If self-published technical books aren’t on Amazon, it’s hard to know how one might discover them. I haven’t seen anything about WikiMedia books online, so I can only assume that such books don’t exist. This is a shame; if I were still a publisher, I’d be looking for an author to write one.
Anyone wanting the late Bruce Vaughan’s book probably reads antique radio or ham radio sites or publications. Finding out about these books is often best done by looking at web sites or periodicals. But I do feel that we should not get too dependent on Amazon.
I’ve learned that if you want a esoteric title, buy it and ask questions later. I own a Corvair and am still looking for a copy of Richard Finch’s book on air conditioning Corvairs. His How To Keep Your Corvair Alive-the Red Book- is still readily available but he A/C book -the Blue Book-is unobtanium.
Finch passed a couple of years back and it is unlikely it will be reprinted. Probably it should be combined with the other one as one book, but that is unlikely.
( Amazon.de has a lot of German hobby electronics books which are much better than the English language literature, if one has some command of German. (Rainer zur Linde-sorry, no umlauts on this keyboard-is the name for tube audio stuff.) I don’t think self-publishing is as big a deal over there as over here but being as I have very little command of German and have not been there since childhood, I could not say with any authority.)
Alan Douglas was an engineer for a diving equipment manufacturer and had written some authoritative books on antique radio, as well as an exceedingly influential article for Ed Dell’s old Audio Amateur magazine called Tubes In Japan. Just as I write this I used a search engine and found that sure enough, Mr. Douglas passed away in November 2019. He was a superb writer and great guy.
Dell, of course, was himself quite the torch-bearer for the DIY audio hobby, as well as having published a now forgotten magazine called ComputerSmyth dedicated to DIY development of microcomputer systems and peripherals. The problem with this was at the time that if you designed new hardware, there was no software to run on it. I think the magazine was published between 1989 and 1992 or so. It was about a year later that Linus Torvalds released his kernel that made it possible to take the huge body of GNU Free Software Foundation Unix-like programs and build them out into a free OS with source you could compile for your esoteric platform. He missed the boat by maybe a year or two.

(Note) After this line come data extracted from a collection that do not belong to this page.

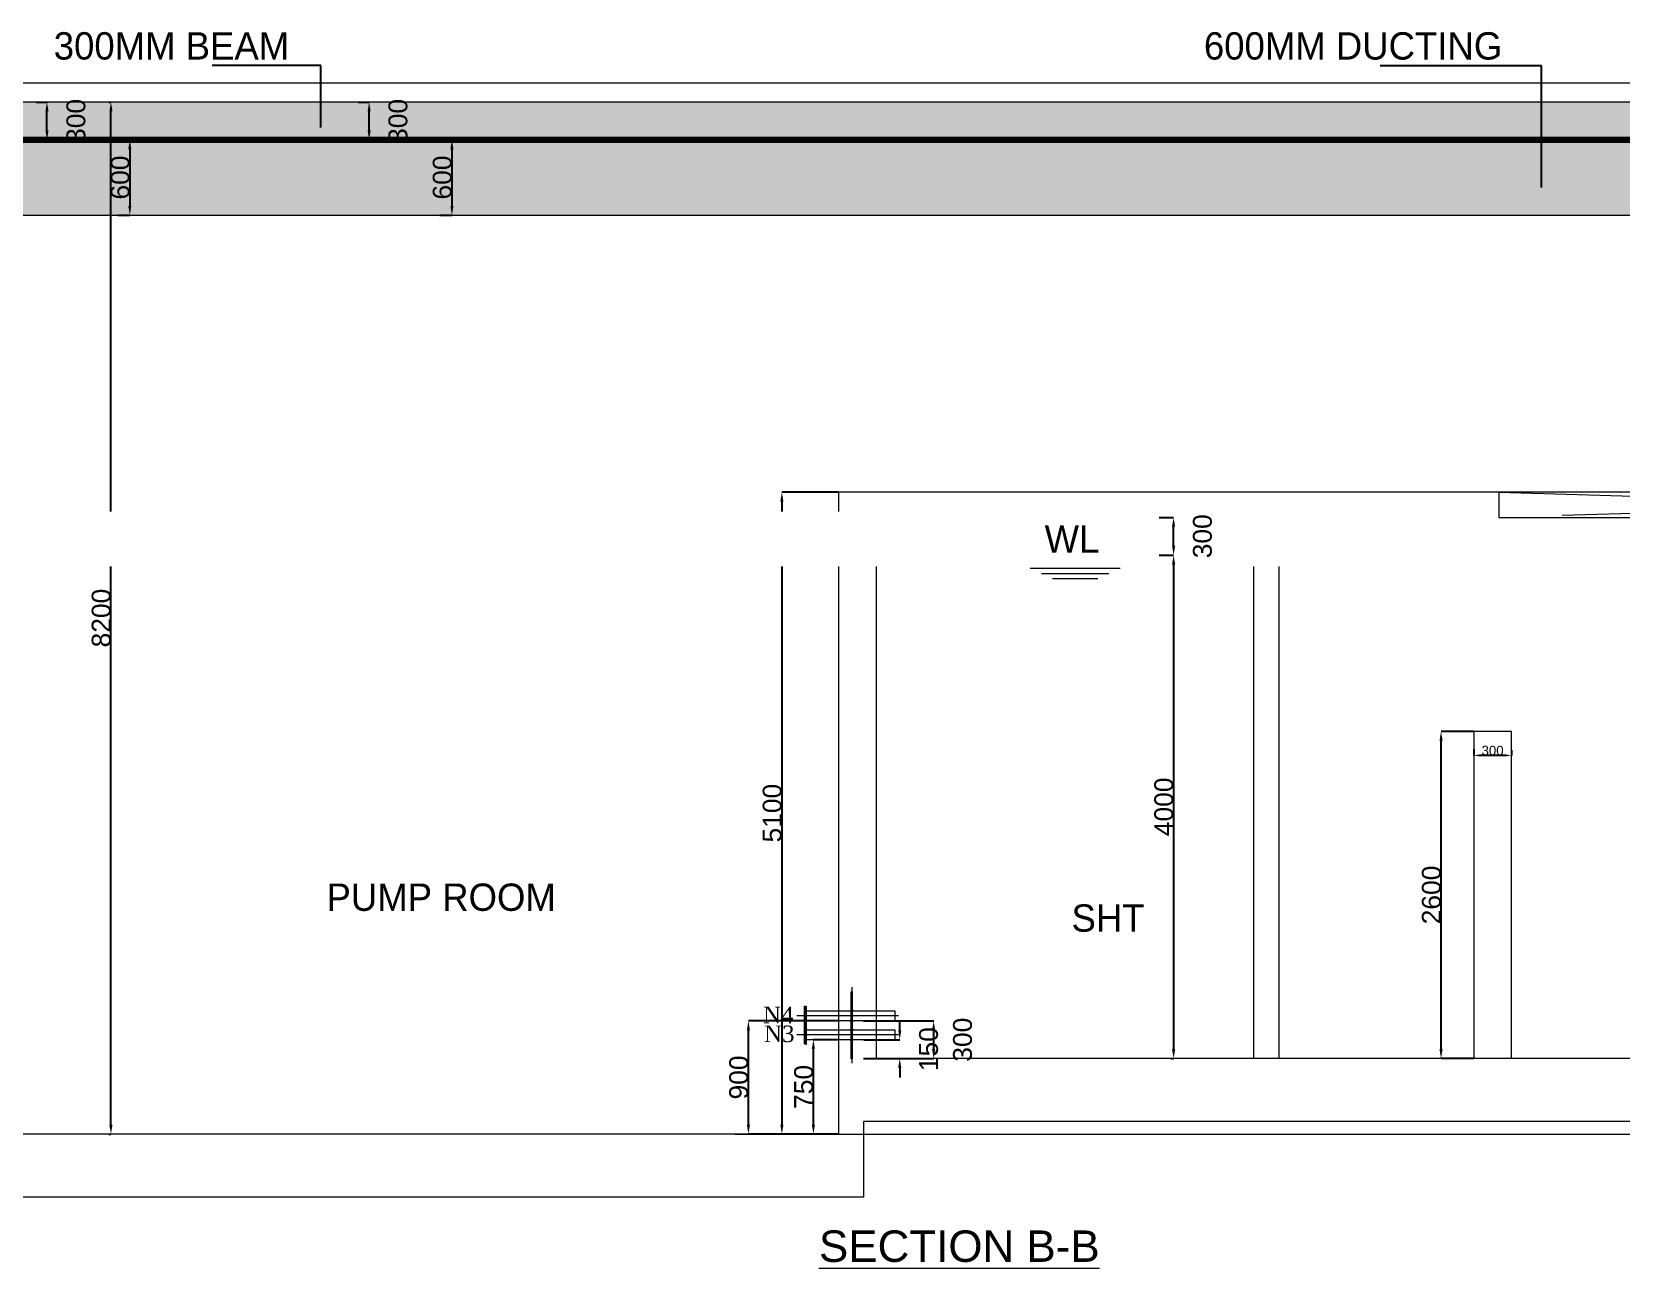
# Model space of a CAD drawing. Header units: millimetres. Extents: x -586673698 to -573385747, y -389867798 to -389752240.
# Drawn here: x -586628848 to -586616213, y -389782901 to -389773078 of the extents above; entities that cross this region are included whole.
import ezdxf

# ---------------------------------------------------------------- set-up
doc = ezdxf.new("R2010")
doc.units = ezdxf.units.MM
doc.header["$LTSCALE"] = 100
doc.linetypes.add('DASHED', pattern=[19.05, 12.7, -6.35])
for name, color, linetype in [('DT-PL-SHAFT', 230, 'Continuous'), ('DT-PL-SUMP', 230, 'Continuous'), ('DT-PL-Text', 181, 'Continuous'), ('MAN', 7, 'Continuous'), ('PS_DIM', 9, 'Continuous')]:
    doc.layers.add(name, color=color, linetype=linetype)
doc.layers.add('PL-DOMESTIC WATER TANK', color=171, linetype='Continuous', lineweight=0)
doc.styles.add('Arial', font='arial.ttf')
doc.styles.add('ARIEL', font='arial.ttf')
doc.styles.add('ROMANTIC', font='romantic.ttf')
doc.dimstyles.new('V Mts', dxfattribs={"dimtxt": 150, "dimasz": 75, "dimexe": 0.1, "dimexo": 0, "dimgap": 0.01, "dimtad": 1, "dimdec": 0, "dimzin": 3, "dimdsep": 46, "dimtxsty": 'Arial', "dimsah": 1, "dimcen": 0.09375, "dimdle": 0.01, "dimclrd": 8, "dimclre": 8, "dimclrt": 256, "dimadec": 0, "dimazin": 0, "dimtfac": 0.7, "dimtdec": 3, "dimtofl": 0, "dimtmove": 2, "dimatfit": 3, "dimfxl": 0, "dimfrac": 1, "dimtolj": 1, "dimtzin": 0, "dimarcsym": 0})
pattern_1 = [(0, (-585751073, -389642310.62), (0, 160), []), (90, (-585751072.99, -389642310.616), (-80, 160), [160, -160])]

# ---------------------------------------------------------------- blocks, each defined once
blk = doc.blocks.new('*D958')
at = {"layer": 'Defpoints', "color": 0, "ltscale": 5, "transparency": 16777216}
for p in [(-586628237, -389773636, 0), (-586628219, -389773636), (-586628237, -389781836, 3)]:
    blk.add_point(p, dxfattribs=at)
at = {"layer": 'DT-PL-SHAFT', "color": 8, "lineweight": -2, "ltscale": 5, "transparency": 16777216}
for p, q in [((-586628237, -389773636), (-586628219, -389773636)), ((-586628219, -389781761), (-586628219, -389773711)), ((-586628237, -389781836), (-586628219, -389781836))]:
    blk.add_line(p, q, dxfattribs=at)
at = {"layer": 'DT-PL-SHAFT', "color": 8, "ltscale": 5, "transparency": 16777216}
for points in [[(-586628232, -389773711), (-586628207, -389773711), (-586628219, -389773636)], [(-586628232, -389781761), (-586628207, -389781761), (-586628219, -389781836)]]:
    blk.add_solid(points, dxfattribs=at)
at = {"layer": 'DT-PL-SHAFT', "lineweight": 13, "ltscale": 5, "transparency": 16777216, "insert": (-586628296, -389777736), "char_height": 150, "attachment_point": 5, "rotation": 90, "style": 'Arial'}
blk.add_mtext('\\A1;8200', dxfattribs=at)
blk = doc.blocks.new('*D964')
at = {"layer": 'Defpoints', "color": 0, "ltscale": 5, "transparency": 16777216}
for p in [(-586626253, -389773636, 0), (-586626167, -389773636), (-586626253, -389773936, 0)]:
    blk.add_point(p, dxfattribs=at)
at = {"layer": 'DT-PL-SHAFT', "color": 8, "lineweight": -2, "ltscale": 5, "transparency": 16777216}
for p, q in [((-586626253, -389773636), (-586626167, -389773636)), ((-586626167, -389773861), (-586626167, -389773711)), ((-586626253, -389773936), (-586626167, -389773936))]:
    blk.add_line(p, q, dxfattribs=at)
at = {"layer": 'DT-PL-SHAFT', "color": 8, "ltscale": 5, "transparency": 16777216}
for points in [[(-586626179, -389773711), (-586626154, -389773711), (-586626167, -389773636)], [(-586626179, -389773861), (-586626154, -389773861), (-586626167, -389773936)]]:
    blk.add_solid(points, dxfattribs=at)
at = {"layer": 'DT-PL-SHAFT', "lineweight": 13, "ltscale": 5, "transparency": 16777216, "insert": (-586625937, -389773786), "char_height": 150, "attachment_point": 5, "rotation": 90, "style": 'Arial'}
blk.add_mtext('\\A1;300', dxfattribs=at)
blk = doc.blocks.new('*D965')
at = {"layer": 'Defpoints', "color": 0, "ltscale": 5, "transparency": 16777216}
for p in [(-586625604, -389773936, 0), (-586625604, -389774536, 0), (-586625509, -389774536)]:
    blk.add_point(p, dxfattribs=at)
at = {"layer": 'DT-PL-SHAFT', "color": 8, "lineweight": -2, "ltscale": 5, "transparency": 16777216}
for p, q in [((-586625604, -389773936), (-586625508, -389773936)), ((-586625509, -389774011), (-586625509, -389774461)), ((-586625604, -389774536), (-586625508, -389774536))]:
    blk.add_line(p, q, dxfattribs=at)
at = {"layer": 'DT-PL-SHAFT', "color": 8, "ltscale": 5, "transparency": 16777216}
for points in [[(-586625521, -389774011), (-586625496, -389774011), (-586625509, -389773936)], [(-586625521, -389774461), (-586625496, -389774461), (-586625509, -389774536)]]:
    blk.add_solid(points, dxfattribs=at)
at = {"layer": 'DT-PL-SHAFT', "lineweight": 13, "ltscale": 5, "transparency": 16777216, "insert": (-586625585, -389774236), "char_height": 150, "attachment_point": 5, "rotation": 90, "style": 'Arial'}
blk.add_mtext('\\A1;600', dxfattribs=at)
blk = doc.blocks.new('*D968')
at = {"layer": 'Defpoints', "color": 0, "ltscale": 5, "transparency": 16777216}
for p in [(-586628813, -389773636, 0), (-586628728, -389773636), (-586628813, -389773936, 0)]:
    blk.add_point(p, dxfattribs=at)
at = {"layer": 'DT-PL-SHAFT', "color": 8, "lineweight": -2, "ltscale": 5, "transparency": 16777216}
for p, q in [((-586628813, -389773636), (-586628727, -389773636)), ((-586628728, -389773861), (-586628728, -389773711)), ((-586628813, -389773936), (-586628727, -389773936))]:
    blk.add_line(p, q, dxfattribs=at)
at = {"layer": 'DT-PL-SHAFT', "color": 8, "ltscale": 5, "transparency": 16777216}
for points in [[(-586628740, -389773711), (-586628715, -389773711), (-586628728, -389773636)], [(-586628740, -389773861), (-586628715, -389773861), (-586628728, -389773936)]]:
    blk.add_solid(points, dxfattribs=at)
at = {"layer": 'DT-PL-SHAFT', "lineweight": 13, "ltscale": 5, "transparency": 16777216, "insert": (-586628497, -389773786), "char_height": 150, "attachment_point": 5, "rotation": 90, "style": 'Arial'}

In a sense, great authors live forever in their books. Consider Robert Pease and Jim Williams, the story of whose intertwined passings I am sure you are familiar with. These guys were fortunate enough to have their excellent books published by established houses and well distributed. Another electronics example is the late Joe Carr, K4IPV, SK. He was a fine writer and I learned a great deal from his books. Unfortunately, he was published by the shoddy and generally crummy G/L-TAB imprint of McGraw Hill , the average quality of whose offerings is dismal, and when they did have a useful title dropped in their laps (they did no useful editing and provided little guidance to authors) tended to let it run out of print due to dismal marketing. (Aside from Carr, Eric Lowdon’s Practical Transformer Design Handbook quickly comes to mind. G. Randy Slone’s offerings also somewhat come to mind, though his books would have severely benefitted from aggressive use of the blue pencil as he throws in irrelevant and inflammatory opinions throughout the text: he was of the belief that all other designs other than his pet circuit were no good, and that those who thought otherwise were deluded. That said, his pet circuit did work well a far as what it was intended to do and one can build a usable unit at modest cost with his information.)